We investigated compounds selected by molecular docking to identify a specific treatment for COVID-19 that decreases the interaction between angiotensin-converting enzyme 2 (ACE2) and the receptor-binding domain (RBD) of SARS-CoV-2. Five compounds that interact with ACE2 amino acids Gln24, Asp30, His34, Tyr41, Gln42, Met82, Lys353, and Arg357 were evaluated using specific binding assays for their effects on the interaction between ACE2 with RBD. The compound labeled ED demonstrated favorable ACE2-binding, with an IC₅₀ of 31.95 μM. ED cytotoxicity, evaluated using PC3 cells in an MTT assay, was consistent with the low theoretical toxicity previously reported. We propose that ED mainly interacts with His34, Glu37, and Lys353 in ACE2 and that it has an inhibitory effect on the interaction of ACE2 with the RBD of the S-protein. We recommend further investigation to develop ED into a potential drug or adjuvant in COVID-19 treatment.

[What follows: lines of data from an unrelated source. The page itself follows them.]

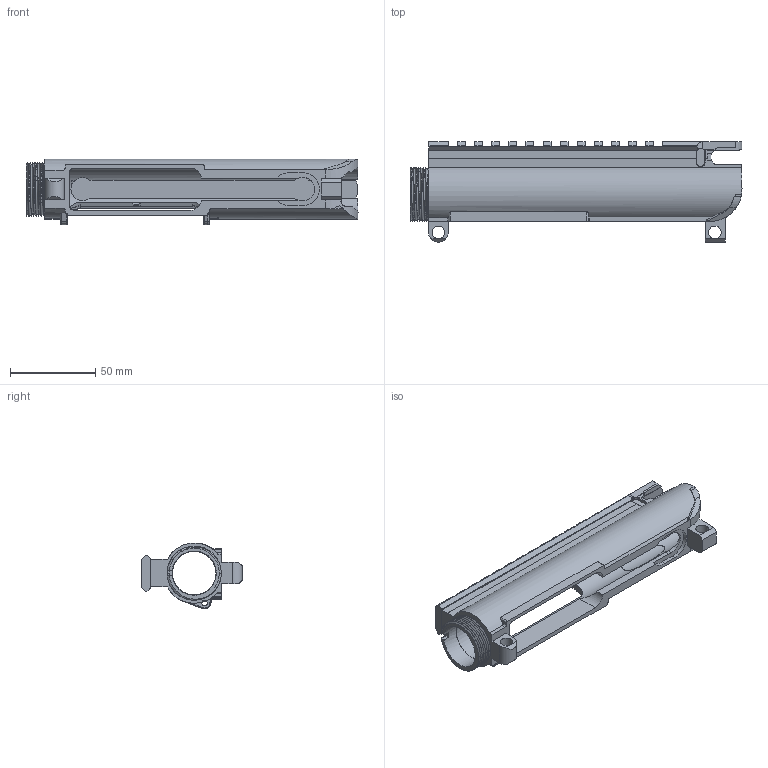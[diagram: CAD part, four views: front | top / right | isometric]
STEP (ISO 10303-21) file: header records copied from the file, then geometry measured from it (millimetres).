
FILE_DESCRIPTION(/* description */ (''),/* implementation_level */ '2;1');
FILE_NAME(/* name */ 'Upper Reciever - Daichi.step',/* time_stamp */ '2020-11-25T01:28:41-05:00',/* author */ (''),/* organization */ (''),/* preprocessor_version */ 'ST-DEVELOPER v18.1',/* originating_system */ 'Autodesk Translation Framework v9.3.0.1241',/* authorisation */ '');
FILE_SCHEMA (('AUTOMOTIVE_DESIGN { 1 0 10303 214 3 1 1 }'));
Length unit declared in the file: millimetre
Products named in the file (1): Upper Reciever - Daichi
Bounding box: 194.4 x 59 x 38.58 mm (x, y, z)
Volume: 79395.5 mm3; surface area: 49503.6 mm2
Topology: 1 solids, 2 shells, 452 faces, 1302 edges, 851 vertices
Faces by surface type: plane 254, cylinder 123, cone 48, bspline 15, torus 12
Full cylindrical faces by diameter (mm): 3.175 x2, 7.35 x1, 7.358 x1, 25.546 x1, 25.927 x1, 29.782 x1, 31.7 x4
Entity records: 18291 total; most frequent: CARTESIAN_POINT 6600, ORIENTED_EDGE 2602, DIRECTION 2251, EDGE_CURVE 1301, VERTEX_POINT 851, LINE 813, VECTOR 813, AXIS2_PLACEMENT_3D 719
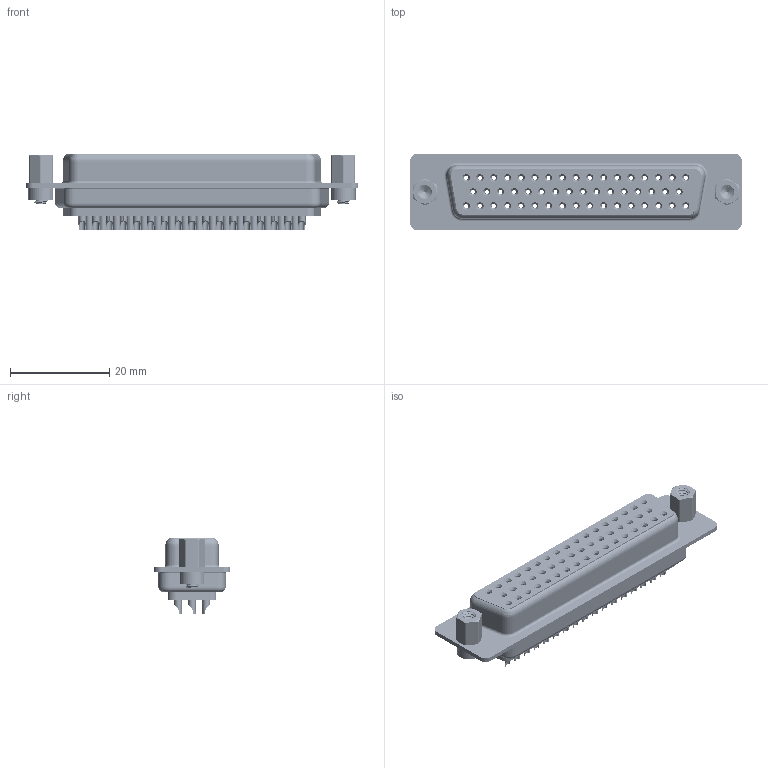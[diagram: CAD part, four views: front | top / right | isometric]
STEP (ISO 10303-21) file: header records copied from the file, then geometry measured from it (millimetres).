
FILE_DESCRIPTION (( 'STEP AP203' ), '1' );
FILE_NAME ('628-050-622-043.STEP', '2021-04-22T20:49:33', ( '' ), ( '' ), 'SwSTEP 2.0', 'SolidWorks 2020', '' );
FILE_SCHEMA (( 'CONFIG_CONTROL_DESIGN' ));
Length unit declared in the file: millimetre
Products named in the file (9): 628 Contact Row 3_22L; 628 4-40 Threaded Rivet; 628 Housing_50 LP; 628 Contact Row 1_22L; 628 Shell Front_50 Contacts; 628 Shell Rear_50 Contacts; 628-050-622-043; 628 Contact Row 2_22M; 628 4-40 Hex Standoff
Assembly tree (57 placements, depth 2):
  628-050-622-043
    628 Housing_50 LP
    628 Shell Front_50 Contacts
    628 Shell Rear_50 Contacts
    628 Contact Row 1_22L  x17
    628 Contact Row 2_22M  x16
    628 Contact Row 3_22L  x17
    628 4-40 Threaded Rivet  x2
    628 4-40 Hex Standoff  x2
Bounding box: 67 x 15.4 x 15.5 mm (x, y, z)
Volume: 6976 mm3; surface area: 16085.4 mm2
Topology: 57 solids, 57 shells, 4851 faces, 12319 edges, 7743 vertices
Faces by surface type: cylinder 1457, plane 1139, bspline 1018, torus 957, cone 280
Entity records: 42758 total; most frequent: CARTESIAN_POINT 12827, DIRECTION 6128, ORIENTED_EDGE 5526, EDGE_CURVE 2763, AXIS2_PLACEMENT_3D 2584, VERTEX_POINT 1755, EDGE_LOOP 1460, CIRCLE 1408

我们研究了通过分子对接选择的化合物，以确定针对 COVID-19 的特异性治疗方法，该治疗方法可减少血管紧张素转换酶 2 (ACE2) 与 SARS-CoV-2 受体结合域 (RBD) 之间的相互作用。使用特异性结合测定评估了与 ACE2 氨基酸 Gln24、Asp30、His34、Tyr41、Gln42、Met82、Lys353 和 Arg357 相互作用的五种化合物对 ACE2 与 RBD 之间相互作用的影响。标记为 ED 的化合物表现出良好的 ACE2 结合作用，IC ₅₀为 31.95 μM。在 MTT 测定中使用 PC3 细胞评估的 ED 细胞毒性与先前报道的低理论毒性一致。我们认为ED主要与ACE2中的His34、Glu37和Lys353相互作用，并且对ACE2与S蛋白的RBD的相互作用具有抑制作用。我们建议进一步研究，将 ED 开发成潜在的药物或辅助治疗 COVID-19 的药物。